* Work order
Below are the records. Retype exactly the lines between the lines holding "arc A0 (-18.75, 0)" and "line L10 (-15, -5) -> (-15, -9)", inclusive.

(Beginning of Extracted data)

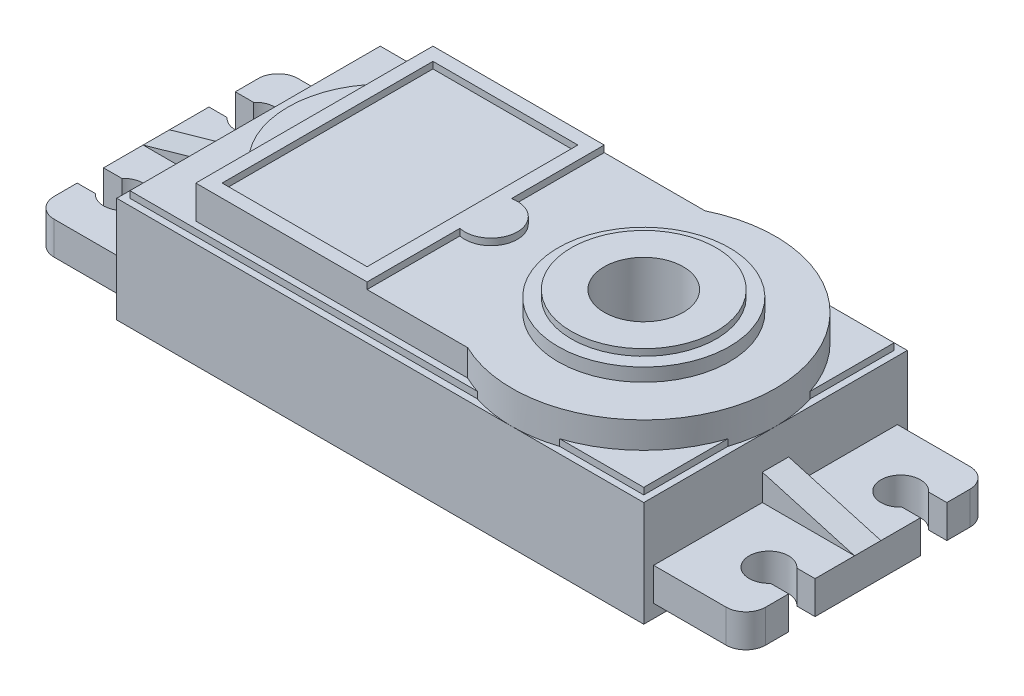
SolidWorks part; units mm, degrees
ref_plane "Piano frontale" through (0, 0, 0) normal (0, 0, 1) x (1, 0, 0)
ref_plane "Piano superiore" through (0, 0, 0) normal (0, 1, 0) x (1, 0, 0)
ref_plane "Piano destro" through (0, 0, 0) normal (1, 0, 0) x (0, 0, -1)
sketch "Schizzo1" plane through (0, 0, 0) normal (0, 1, 0) x (1, 0, 0)
  line L1 (20, -10) -> (-20, -10)
  line L2 (20, -10) -> (20, 10)
  line L3 (20, 10) -> (-20, 10)
  line L4 (-20, -10) -> (-20, 10)
  line L5 (20, -10) -> (-20, 10) construction
  line L6 (20, 10) -> (-20, -10) construction
  point P0 (0, 0)
  dimension "D1" = 20
  dimension "D2" = 40
extrude "Estrusione-Estrusione2" add sketch "Schizzo1" along normal blind 8
sketch "Schizzo2" plane through (0, 0, 0) normal (0, 1, 0) x (1, 0, 0)
  line L0 (-20, 10) -> (-20, -10) construction
  line L1 (16, -8) -> (-16, -8)
  line L2 (18, -6) -> (18, 6)
  line L3 (16, 8) -> (-16, 8)
  line L4 (-18, -6) -> (-18, 6)
  line L5 (16, -7.1111) -> (-16, 7.1111) construction
  line L6 (16, 7.1111) -> (-16, -7.1111) construction
  line L7 (20, 10) -> (-20, 10) construction
  line L8 (-16, 8) -> (-16, 6)
  line L9 (-16, 6) -> (-18, 6)
  line L10 (-18, -6) -> (-16, -6)
  line L11 (-16, -6) -> (-16, -8)
  line L12 (16, 8) -> (16, 6)
  line L13 (16, 6) -> (18, 6)
  line L14 (18, -6) -> (16, -6)
  line L15 (16, -6) -> (16, -8)
  point P0 (0, 0)
  dimension "D1" = 2
  dimension "D2" = 2
  dimension "D3" = 2
extrude "Taglio-Estrusione4" cut sketch "Schizzo2" along normal blind 6
hole_wizard "Foro per Vite M1-1" positions "Schizzo3D1" profile "Schizzo3" hole size "M1" standard "KS"
sketch3d "Schizzo3D1"
  line L0 (-20, 0, -10) -> (-20, 0, 10) construction
  line L1 (-20, 0, 10) -> (20, 0, 10) construction
  point P0 (-18, 0, 8)
  dimension "D1" = 2
  dimension "D2" = 2
sketch "Schizzo3" plane through (-18, 0, 8) normal (1, 0, 0) x (0, 0, -1)
  line L0 (0, 0) -> (0, 5.3906)
  line L1 (0, 5.3906) -> (0.65, 5)
  line L2 (0.65, 5) -> (0.65, 0.025)
  line L3 (0.65, 0.025) -> (0.675, 0)
  line L5 (0.675, 0) -> (0, 0)
  line L6 (-0.65, 0.025) -> (-0.675, 0) construction
  line L10 (0, 5.3906) -> (-0.65, 5) construction
  line L11 (0, -6.35) -> (0, 107.95) construction
  dimension "Hole Dia." = 1.3
  dimension "Hole Depth" = 5
  dimension "Near C'Sink Dia." = 1.35
  dimension "Near C'Sink Angle" = 90
  dimension "Drill Angle" = 118
mirror "Specchia1" about plane through (0, 0, 0) normal (1, 0, 0) of "Foro per Vite M1-1"
mirror "Specchia2" about plane through (0, 0, 0) normal (0, 0, 1) of "Specchia1"
sketch "Schizzo5" plane through (0, 0, 0) normal (0, -1, 0) x (1, 0, 0)
  line L0 (-20, -10) -> (-20, 10) construction
  line L1 (19, -9) -> (-19, -9)
  line L2 (19, -9) -> (19, 9)
  line L3 (19, 9) -> (-19, 9)
  line L4 (-19, -9) -> (-19, 9)
  line L5 (19, -9) -> (-19, 9) construction
  line L6 (19, 9) -> (-19, -9) construction
  line L7 (-20, 10) -> (20, 10) construction
  point P0 (0, 0)
  dimension "D1" = 1
  dimension "D2" = 1
sketch "Schizzo4" plane through (0, 0, 0) normal (0, 0, 1) x (1, 0, 0)
  line L0 (19, 0) -> (-19, 0) construction
  line L1 (19, 0) -> (-19, 0) construction
  line L2 (-20, 8) -> (-20, 0) construction
  line L3 (-19.25, 0) -> (-18.75, 0)
  arc A0 (-18.75, 0) -> (-19.25, 0) centre (-19, 0) ccw
  dimension "D1" = 0.5
  dimension "D2" = 1
sweep "Taglia-Sweep3" cut profiles "Schizzo4" path "Schizzo5"
sketch "Schizzo6" plane through (0, 8, 0) normal (0, 1, 0) x (1, 0, 0)
  line L0 (-20, 10) -> (-20, -10) construction
  line L1 (-15, 9) -> (5.6411, 9)
  line L2 (-15, 9) -> (-15, 5)
  line L3 (-15, -9) -> (11.8461, -9)
  line L5 (-15, 9) -> (11.8461, -9) construction
  line L6 (-15, -9) -> (11.8461, 9) construction
  line L7 (-20, -10) -> (20, -10) construction
  line L8 (20, 10) -> (-20, 10) construction
  line L9 (20, -10) -> (20, 10) construction
  line L10 (-15, -5) -> (-15, -9)
  arc A0 (5.6411, -9) -> (5.6411, 9) centre (10, 0) ccw
  arc A1 (-15, -5) -> (-15, 5) centre (-9.75, 0) cw
  point P0 (-1.5769, 0)
  point P19 (-17, 0)
  dimension "D1" = 5
  dimension "D2" = 1
  dimension "D3" = 1
  dimension "D4" = 10
  dimension "D5" = 2
extrude "Estrusione-Estrusione4" add sketch "Schizzo6" along normal blind 2.5 contours A1 L10 L3 A0 L1 L2 region at (1.5065, 8, 0)
sketch "Schizzo7" plane through (0, 8, 0) normal (0, 1, 0) x (1, 0, 0)
  line L0 (20, 10) -> (10, 10) construction
  line L1 (-19.5, -9.5) -> (19.5, -9.5)
  line L2 (-19.5, -9.5) -> (-19.5, 9.5)
  line L3 (-19.5, 9.5) -> (19.5, 9.5)
  line L4 (19.5, -9.5) -> (19.5, 9.5)
  line L5 (-19.5, -9.5) -> (19.5, 9.5) construction
  line L6 (-19.5, 9.5) -> (19.5, -9.5) construction
  line L7 (-20, 10) -> (-20, -10) construction
  point P0 (0, 0)
  dimension "D1" = 0.5
  dimension "D2" = 0.5
extrude "Estrusione-Estrusione3" add sketch "Schizzo7" along normal blind 0.5
sketch "Schizzo8" plane through (0, 10.5, 0) normal (0, 1, 0) x (1, 0, 0)
  line L0 (-15, -9) -> (5.6411, -9) construction
  line L1 (-15, 9) -> (-2, 9)
  line L2 (-15, 9) -> (-15, -9)
  line L3 (-15, -9) -> (-2, -9)
  line L4 (-2, 9) -> (-2, 1.9577)
  line L5 (-20, 10) -> (-20, -10) construction
  line L6 (-14, -8) -> (-3, -8)
  line L7 (-14, -8) -> (-14, 8)
  line L8 (-14, 8) -> (-3, 8)
  line L9 (-3, -8) -> (-3, 8)
  line L10 (-14, -8) -> (-3, 8) construction
  line L11 (-14, 8) -> (-3, -8) construction
  line L12 (-2, -1.9577) -> (-2, -9)
  arc A0 (-2, -1.9577) -> (-2, 1.9577) centre (-1.5909, 0) ccw
  point P7 (-8.5, 0)
  dimension "D6" = 4
  dimension "D7" = 18.4091
  dimension "D1" = 1
  dimension "D2" = 1
  dimension "D3" = 1
  dimension "D4" = 1
  dimension "D5" = 13
extrude "Estrusione-Estrusione5" add sketch "Schizzo8" along normal blind 0.5
sketch "Schizzo9" plane through (0, 10.5, 0) normal (0, 1, 0) x (1, 0, 0)
  circle A0 centre (10, 0) radius 6.5
  dimension "D1" = 13
extrude "Estrusione-Estrusione6" add sketch "Schizzo9" along normal blind 1
sketch "Schizzo10" plane through (0, 11.5, 0) normal (0, 1, 0) x (1, 0, 0)
  circle A0 centre (10, 0) radius 5.5
  dimension "D1" = 11
extrude "Estrusione-Estrusione7" add sketch "Schizzo10" along normal blind 0.5
sketch "Schizzo11" plane through (0, 12, 0) normal (0, 1, 0) x (1, 0, 0)
  circle A0 centre (10, 0) radius 3
  dimension "D1" = 6
extrude "Taglio-Estrusione5" cut sketch "Schizzo11" against normal through all
ref_plane "Piano1" through (0, 1, 0) normal (0, -1, 0) x (-1, 0, 0)
sketch "Schizzo12" plane through (0, 1, 0) normal (0, -1, 0) x (-1, 0, 0)
  line L0 (-20, -10) -> (-20, 10) construction
  line L2 (-25.5, 9.25) -> (-20, 9.25)
  line L3 (-27, 7.75) -> (-27, -7.75)
  line L4 (-25.5, -9.25) -> (-20, -9.25)
  line L5 (-20, 9.25) -> (-20, -9.25)
  line L6 (-27, 9.25) -> (-20, -9.25) construction
  line L7 (-27, -9.25) -> (-20, 9.25) construction
  arc A0 (-25.5, -9.25) -> (-27, -7.75) centre (-25.5, -7.75) cw
  arc A1 (-27, 7.75) -> (-25.5, 9.25) centre (-25.5, 7.75) cw
  circle A2 centre (-24.5, 5) radius 1.5
  circle A3 centre (-24.5, -5) radius 1.5
  point P0 (-23.5, 0)
  dimension "D3" = 1.5
  dimension "D4" = 3
  dimension "D1" = 18.5
  dimension "D2" = 7
  dimension "D5" = 10
  dimension "D6" = 2.5
  dimension "D7" = 5
extrude "Estrusione-Estrusione8" add sketch "Schizzo12" against normal blind 2.5
sketch "Schizzo13" plane through (0, 3.5, 0) normal (0, 1, 0) x (1, 0, 0)
  line L1 (30.9082, -5.9404) -> (24.8886, -5.9404)
  line L2 (30.9082, -5.9404) -> (30.9082, -4.9899)
  line L3 (30.9082, -4.9899) -> (24.8886, -4.9899)
  line L4 (24.8886, -5.9404) -> (24.8886, -4.9899)
  line L5 (30.9082, -5.9404) -> (24.8886, -4.9899) construction
  line L6 (30.9082, -4.9899) -> (24.8886, -5.9404) construction
  line L7 (34.3221, 4) -> (25.3835, 4)
  line L8 (34.3221, 4) -> (34.3221, 6)
  line L9 (34.3221, 6) -> (25.3835, 6)
  line L10 (25.3835, 4) -> (25.3835, 6)
  line L11 (34.3221, 4) -> (25.3835, 6) construction
  line L12 (34.3221, 6) -> (25.3835, 4) construction
  circle A0 centre (24.5, 5) radius 1.5 construction
  arc A1 (25.618, 4) -> (25.6727, 4.0647) centre (24.5, 5) ccw
  arc A2 (25.6727, 5.9353) -> (25.618, 6) centre (24.5, 5) ccw
  point P0 (27.8984, -5.4652)
  point P5 (29.8528, 5)
  circle M8 centre (24.5, 5) radius 1.5
  line M12 (27, -7.75) -> (27, 7.75)
  dimension "D1" = 2
  dimension "D2" = 8.9386
extrude "Taglio-Estrusione6" cut sketch "Schizzo13" against normal through all contours L8 L9 L7 M12 | L9 L7 M12 M8 region at (26.4345, 3.5, -5) region at (30.661, 3.5, -5)
mirror "Specchia3" about plane through (0, 0, 0) normal (0, 0, 1) of "Taglio-Estrusione6"
mirror "Specchia4" about plane through (0, 0, 0) normal (1, 0, 0) of "Specchia3", "Taglio-Estrusione6", "Estrusione-Estrusione8"
sketch "Schizzo16" plane through (0, 0, 0) normal (0, 0, 1) x (1, 0, 0)
  line L0 (27, 3.5) -> (20, 5.5)
  line L1 (20, 8) -> (20, 0) construction
  line L2 (25.5, 3.5) -> (20, 3.5) construction
  dimension "D1" = 2
rib "Nervatura1" sketch "Schizzo16" sketch "Schizzo16" thickness 2 extrusion direction parallel to sketch draft on no parameters "D1"=2
mirror "Specchia5" about plane through (0, 0, 0) normal (1, 0, 0) of "Nervatura1"

(End of Extracted data)

* Solved problem
  arc A0 (-18.75, 0) -> (-19.25, 0) centre (-19, 0) ccw
  dimension "D1" = 0.5
  dimension "D2" = 1
sweep "Taglia-Sweep3" cut profiles "Schizzo4" path "Schizzo5"
sketch "Schizzo6" plane through (0, 8, 0) normal (0, 1, 0) x (1, 0, 0)
  line L0 (-20, 10) -> (-20, -10) construction
  line L1 (-15, 9) -> (5.6411, 9)
  line L2 (-15, 9) -> (-15, 5)
  line L3 (-15, -9) -> (11.8461, -9)
  line L5 (-15, 9) -> (11.8461, -9) construction
  line L6 (-15, -9) -> (11.8461, 9) construction
  line L7 (-20, -10) -> (20, -10) construction
  line L8 (20, 10) -> (-20, 10) construction
  line L9 (20, -10) -> (20, 10) construction
  line L10 (-15, -5) -> (-15, -9)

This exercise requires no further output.